• **What the exercise asks**
Exclude the pictures, then restate exactly each line of the data below from the first through the line containing "35.6v1M41.9 39.4v6.6h1.3l-1.3 1.2-1.3-1.2h1.3M53.3".

• **Material for the task**
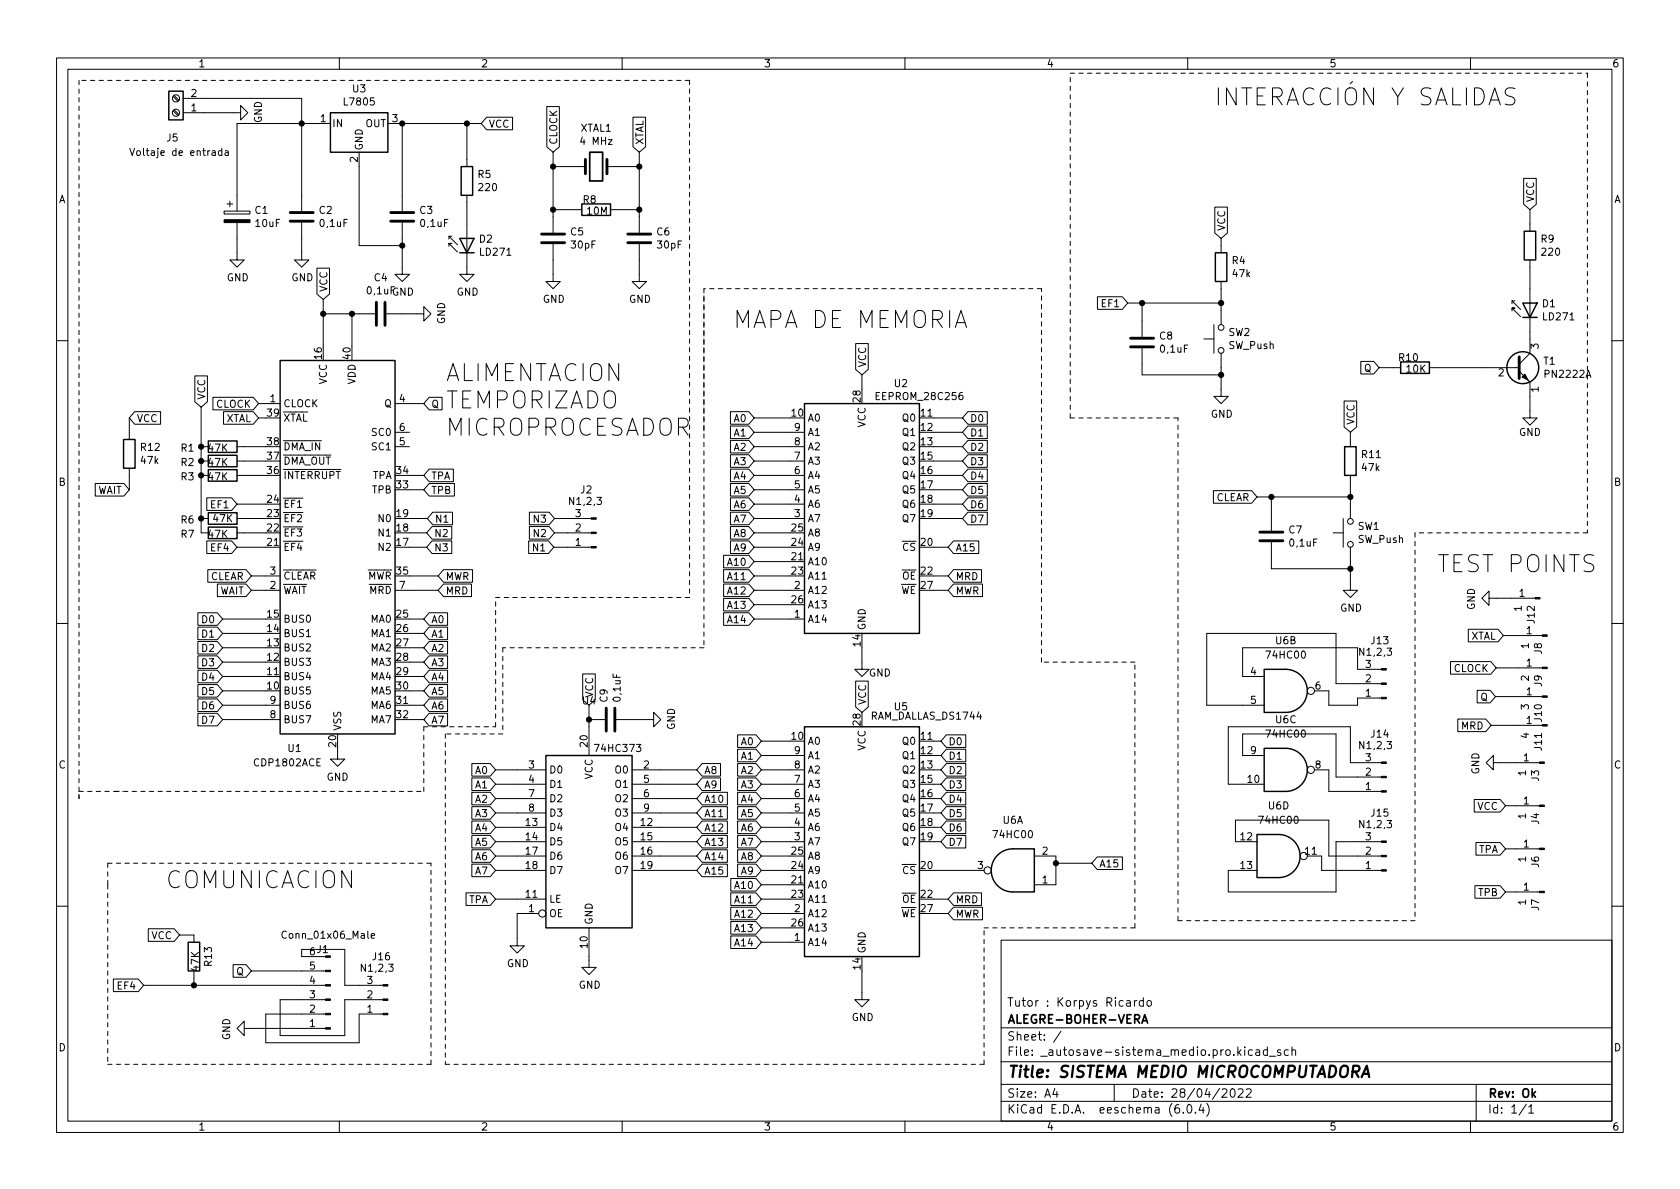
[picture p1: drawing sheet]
<svg xmlns="http://www.w3.org/2000/svg" width="297mm" height="210mm" viewBox="0 0 297 210" stroke-linecap="round" stroke-linejoin="round" font-family="sans-serif">
<g fill="none" stroke="#000" stroke-width=".18">
<path d="M10 10.2h277v190.1h-277zM12 12.2h273v186.1h-273zM30.6 17.1l.9 .8M30.6 19.6l.9 .8M30.8 16.9l.8 .8M30.8 19.4l.8 .9M32.4 19.9h10.1v-1.2l1.3 1.2-1.3 1.3v-1.3M32.4 17.4h20.9v19.9M60 10.2v2M96.7 18.8h2.2v7.2l-1.1 .9-1.1-.9zM110 10.2v2M160 10.2v2"/>
<path d="M210 10.2v2M215.4 15.5v3M218.6 15.5v3l-1.8-3v3M219.6 15.5h1.7M220.4 15.5v3M222.3 17h1M223.7 15.5h-1.4v3h1.4M225 17.1h1.1a.81 .81 0 0 0 .6-.8 .81 .81 0 0 0-.6-.8h-1.1v3M225.7 17.1l1 1.4M227.6 18.5l1-3 1 3M227.8 17.7h1.5M232.3 15.8a1.12 1.12 0 0 0-1.3-.1 1.12 1.12 0 0 0-.6 1.1 1.27 1.27 0 0 0 .4 1.4 1.27 1.27 0 0 0 1.3 .2l.2-.1"/>
<path d="M235.3 15.8a1.12 1.12 0 0 0-1.3-.1 1.12 1.12 0 0 0-.6 1.1 1.27 1.27 0 0 0 .4 1.4 1.27 1.27 0 0 0 1.3 .2l.2-.1M236.6 15.5v3M238 16a1.01 1.01 0 0 1 1.1-.5 1.01 1.01 0 0 1 .7 1v1a1 1 0 0 1-1 1.1 1 1 0 0 1-1-1.1v-1zM239.1 14.4l-.4 .4M242.8 15.5v3l-1.7-3v3M246.1 15.5l1 1.6 1-1.6M247.1 17.1v1.4M253 15.7l-.4-.2h-.8a.73 .73 0 0 0-.5 .8 .73 .73 0 0 0 .5 .7 1.1 1.1 0 0 1 1.2 .7 .77 .77 0 0 1-.6 .8h-.7l-.4-.1M253.8 18.5l1-3 1 3M254.1 17.7h1.5M256.8 15.5v3h1.5M259.3 15.5v3"/>
<path d="M260 10.2v2M260.7 15.5h.7a1.64 1.64 0 0 1 .7 2.6l-.3 .3-.4 .1h-.7zM263.3 18.5l1-3 1 3M263.6 17.7h1.4M267.8 15.7l-.4-.2h-.7a.73 .73 0 0 0-.6 .8 .73 .73 0 0 0 .6 .7 1.09 1.09 0 0 1 1.1 .7 .76 .76 0 0 1-.5 .8h-.7l-.5-.1M23 26.2l.4 1.3 .4-1.3M39.2 26.7l-.3-.1-.3 .3 .1 .5h.5M39.2 26.2v1.3M39.6 37.3h4.6v.5h-4.6zM39.8 26.7h.5l.1 .8M40.1 36.1h1M40.4 26.9l-.5 .1-.1 .2 .1 .3 .5-.1"/>
<path d="M40.6 35.6v1M41.9 39.4v6.6h1.3l-1.3 1.2-1.3-1.2h1.3M53.3 39.4v6.6h1.3l-1.3 1.2-1.2-1.2h1.2M58.4 21.8h-16.5v15.5M63.5 26.9v16.5h7.6M68.6 21.8h16.5M71.1 39.4v9.1h1.3l-1.3 1.3-1.3-1.3h1.3M71.1 21.8v15.5M82.5 34.5v14h1.3l-1.3 1.3-1.2-1.3h1.2M82.5 21.8v7.7M86 20.7h4.6v2.2h-4.6l-.9-1.1zM97.8 26.9v14.2"/>
<path d="M97.8 29.5h5.7M97.8 37.1h5.1M107.3 29.5h5.7M107.9 37.1h5.1M111.9 20.7h2.2v5.3l-1.1 .9-1.1-.9zM113 26.9v14.2M214.8 36.6h2.2v4.6l-1.1 1-1.1-1zM269.4 31.5h2.2v4.6l-1.1 1-1.1-1zM270.5 37.1v3.8M56 47.4h2.3v4.6l-1.2 1-1.1-1zM57.1 55.5h9.2M57.1 53v8.2"/>
<path d="M62.2 55.5v5.7M68.3 55.5h6.6v-1.3l1.3 1.3-1.3 1.3v-1.3M79.4 43.6v-.6h.5h-.5l1.5 1.6M79.4 41.8v.5M79.9 41.8h-.5l1.5 1.5M97.8 43.2v6.6h1.3l-1.3 1.2-1.3-1.2h1.3M113 43.2v6.6h1.3l-1.3 1.2-1.2-1.2h1.2M168.9 57.9l1-3 1 3M194 52.5h4.4l1 1.1-1 1.1h-4.4zM199.4 53.6h16.5M201.9 53.6v6M212.9 59.9h1.7"/>
<path d="M214.6 57.4v5.1M215.9 42.2v2.5M215.9 49.8v7.6M267.3 55v-.5h.5h-.5l1.6 1.5M267.3 53.2v.5M267.8 53.2h-.5l1.6 1.5M270.5 46v16.5l-1.9 1.9M10 60.2h2M22.9 73.9v3.8M23.8 72.8h4.6v2.2h-4.6l-.9-1.1zM34.4 66.5h2.3v4.6l-1.1 .9-1.2-.9zM35.6 72v22.2h1.2"/>
<path d="M35.6 79h1.2M37.6 70.3h7.2l.9 1.1-.9 1.1h-7.2zM39.5 72.8h5.3l.9 1.1-.9 1.1h-5.3zM41.9 79h5.1M45.7 73.9h1.3M45.7 71.4h3.8M69.8 79h2.6M69.8 76.4h2.6M69.8 71.4h5.1M75.9 70.3h2.3v2.2h-2.3l-1-1.1zM129.1 77.9h3.3l.9 1.1-.9 1.1h-3.3zM129.1 72.8h3.3l.9 1.1-.9 1.1h-3.3z"/>
<path d="M129.1 75.3h3.3l.9 1.1-.9 1.2h-3.3zM133.3 79h8.9M133.3 73.9h6.4M133.3 76.4h8.9M151.3 60.8h2.2v4.5l-1.1 1-1.1-1zM152.4 66.3v2.5M162.6 73.9h7.6M165.1 79h5.1M165.1 76.4h5.1M171.1 72.8h3.5v2.2h-3.5l-.9-1.1zM171.1 77.9h3.5v2.2h-3.5l-.9-1.1zM171.1 75.3h3.5v2.3h-3.5l-.9-1.2z"/>
<path d="M201.9 61.6v4.7h14M215.9 62.5v7.6h1.3l-1.3 1.3-1.3-1.3h1.3M237.6 70.9h2.3v4.6l-1.1 .9-1.2-.9zM238.8 76.4v2.6M240.6 63.9h2.3l.9 1.1-.9 1.1h-2.3zM243.8 65h3.8M252.7 65h15.9M268.6 65.7l1.9 1.9v6.3h1.3l-1.3 1.3-1.3-1.3h1.3M269.9 66.9l.5 .5M285 60.2h2M16.8 85.5h5.1l1 1.1-1 1.1h-5.1zM22.9 82.8v3.8"/>
<path d="M35.6 91.7h1.2M35.6 84.1h1.2M35.6 81.5h1.2M36.6 95.7h4.4l.9 1.1-.9 1.1h-4.4zM36.6 88h4.4l.9 1.1-.9 1.2h-4.4zM41.9 94.2h5.1M41.9 91.7h5.1M41.9 96.8h7.6M41.9 84.1h5.1M41.9 89.1h5.1M41.9 81.5h5.1M72.4 94.2h3"/>
<path d="M72.4 91.7h3.2M72.4 96.8h3M72.4 84.1h2.5M72.4 86.6h2.5M75.9 85.5h4.4v2.2h-4.4l-1-1.1zM75.9 83h4.3v2.2h-4.3l-1-1.1zM76.4 93.1h3.5v2.2h-3.5l-1-1.1zM76.4 95.7h3.5v2.2h-3.5l-1-1.1zM76.5 90.6h3.5v2.2h-3.5l-.9-1.1zM93.5 95.7h3.5l.9 1.1-.9 1.1h-3.5zM93.6 93.1h3.5l.9 1.1-.9 1.1h-3.5zM93.6 90.6h3.5l.9 1.1-.9 1.1h-3.5z"/>
<path d="M97.9 96.8h6.6M98 94.2h6.5M98 91.7h6.5M127.9 98.2h4.5l.9 1.1-.9 1.1h-4.5zM129.1 85.5h3.3l.9 1.1-.9 1.1h-3.3zM129.1 80.4h3.3l.9 1.1-.9 1.1h-3.3zM129.1 83h3.3l.9 1.1-.9 1.1h-3.3zM129.1 88h3.3l.9 1.1-.9 1.2h-3.3zM129.1 90.6h3.3l.9 1.1-.9 1.1h-3.3zM129.1 93.1h3.3l.9 1.1-.9 1.1h-3.3zM129.1 95.7h3.3l.9 1.1-.9 1.1h-3.3zM133.3 94.2h6.4"/>
<path d="M133.3 91.7h8.9M133.3 96.8h6.4M133.3 84.1h8.9M133.3 99.3h8.9M133.3 89.1h8.9M133.3 86.6h8.9M133.3 81.5h8.9M165.1 91.7h5.1M165.1 96.8h2.5M165.1 84.1h5.1M165.1 89.1h5.1M165.1 86.6h5.1"/>
<path d="M165.1 81.5h5.1M168.6 95.7h4.5v2.2h-4.5l-1-1.1zM171.1 90.6h3.5v2.2h-3.5l-.9-1.1zM171.1 83h3.5v2.2h-3.5l-.9-1.1zM171.1 88h3.5v2.3h-3.5l-.9-1.2zM171.1 80.4h3.5v2.2h-3.5l-.9-1.1zM171.1 85.5h3.5v2.2h-3.5l-.9-1.1zM214.5 86.8h6.8l.9 1.1-.9 1.1h-6.8zM222.2 87.9h16.6M224.8 87.9v5.9M224.8 95.9v4.7h14M235.7 94.2h1.8"/>
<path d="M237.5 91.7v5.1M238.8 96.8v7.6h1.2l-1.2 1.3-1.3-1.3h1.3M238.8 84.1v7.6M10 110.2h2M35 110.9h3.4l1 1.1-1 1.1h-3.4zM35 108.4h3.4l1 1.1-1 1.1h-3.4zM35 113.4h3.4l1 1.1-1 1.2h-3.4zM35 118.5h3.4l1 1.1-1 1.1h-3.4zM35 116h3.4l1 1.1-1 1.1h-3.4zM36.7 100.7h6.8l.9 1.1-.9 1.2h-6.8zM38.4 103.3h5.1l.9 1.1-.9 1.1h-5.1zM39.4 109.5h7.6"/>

• **Solution**
[picture p1: drawing sheet]
<svg xmlns="http://www.w3.org/2000/svg" width="297mm" height="210mm" viewBox="0 0 297 210" stroke-linecap="round" stroke-linejoin="round" font-family="sans-serif">
<g fill="none" stroke="#000" stroke-width=".18">
<path d="M10 10.2h277v190.1h-277zM12 12.2h273v186.1h-273zM30.6 17.1l.9 .8M30.6 19.6l.9 .8M30.8 16.9l.8 .8M30.8 19.4l.8 .9M32.4 19.9h10.1v-1.2l1.3 1.2-1.3 1.3v-1.3M32.4 17.4h20.9v19.9M60 10.2v2M96.7 18.8h2.2v7.2l-1.1 .9-1.1-.9zM110 10.2v2M160 10.2v2"/>
<path d="M210 10.2v2M215.4 15.5v3M218.6 15.5v3l-1.8-3v3M219.6 15.5h1.7M220.4 15.5v3M222.3 17h1M223.7 15.5h-1.4v3h1.4M225 17.1h1.1a.81 .81 0 0 0 .6-.8 .81 .81 0 0 0-.6-.8h-1.1v3M225.7 17.1l1 1.4M227.6 18.5l1-3 1 3M227.8 17.7h1.5M232.3 15.8a1.12 1.12 0 0 0-1.3-.1 1.12 1.12 0 0 0-.6 1.1 1.27 1.27 0 0 0 .4 1.4 1.27 1.27 0 0 0 1.3 .2l.2-.1"/>
<path d="M235.3 15.8a1.12 1.12 0 0 0-1.3-.1 1.12 1.12 0 0 0-.6 1.1 1.27 1.27 0 0 0 .4 1.4 1.27 1.27 0 0 0 1.3 .2l.2-.1M236.6 15.5v3M238 16a1.01 1.01 0 0 1 1.1-.5 1.01 1.01 0 0 1 .7 1v1a1 1 0 0 1-1 1.1 1 1 0 0 1-1-1.1v-1zM239.1 14.4l-.4 .4M242.8 15.5v3l-1.7-3v3M246.1 15.5l1 1.6 1-1.6M247.1 17.1v1.4M253 15.7l-.4-.2h-.8a.73 .73 0 0 0-.5 .8 .73 .73 0 0 0 .5 .7 1.1 1.1 0 0 1 1.2 .7 .77 .77 0 0 1-.6 .8h-.7l-.4-.1M253.8 18.5l1-3 1 3M254.1 17.7h1.5M256.8 15.5v3h1.5M259.3 15.5v3"/>
<path d="M260 10.2v2M260.7 15.5h.7a1.64 1.64 0 0 1 .7 2.6l-.3 .3-.4 .1h-.7zM263.3 18.5l1-3 1 3M263.6 17.7h1.4M267.8 15.7l-.4-.2h-.7a.73 .73 0 0 0-.6 .8 .73 .73 0 0 0 .6 .7 1.09 1.09 0 0 1 1.1 .7 .76 .76 0 0 1-.5 .8h-.7l-.5-.1M23 26.2l.4 1.3 .4-1.3M39.2 26.7l-.3-.1-.3 .3 .1 .5h.5M39.2 26.2v1.3M39.6 37.3h4.6v.5h-4.6zM39.8 26.7h.5l.1 .8M40.1 36.1h1M40.4 26.9l-.5 .1-.1 .2 .1 .3 .5-.1"/>
<path d="M40.6 35.6v1M41.9 39.4v6.6h1.3l-1.3 1.2-1.3-1.2h1.3M53.3 39.4v6.6h1.3l-1.3 1.2-1.2-1.2h1.2M58.4 21.8h-16.5v15.5M63.5 26.9v16.5h7.6M68.6 21.8h16.5M71.1 39.4v9.1h1.3l-1.3 1.3-1.3-1.3h1.3M71.1 21.8v15.5M82.5 34.5v14h1.3l-1.3 1.3-1.2-1.3h1.2M82.5 21.8v7.7M86 20.7h4.6v2.2h-4.6l-.9-1.1zM97.8 26.9v14.2"/>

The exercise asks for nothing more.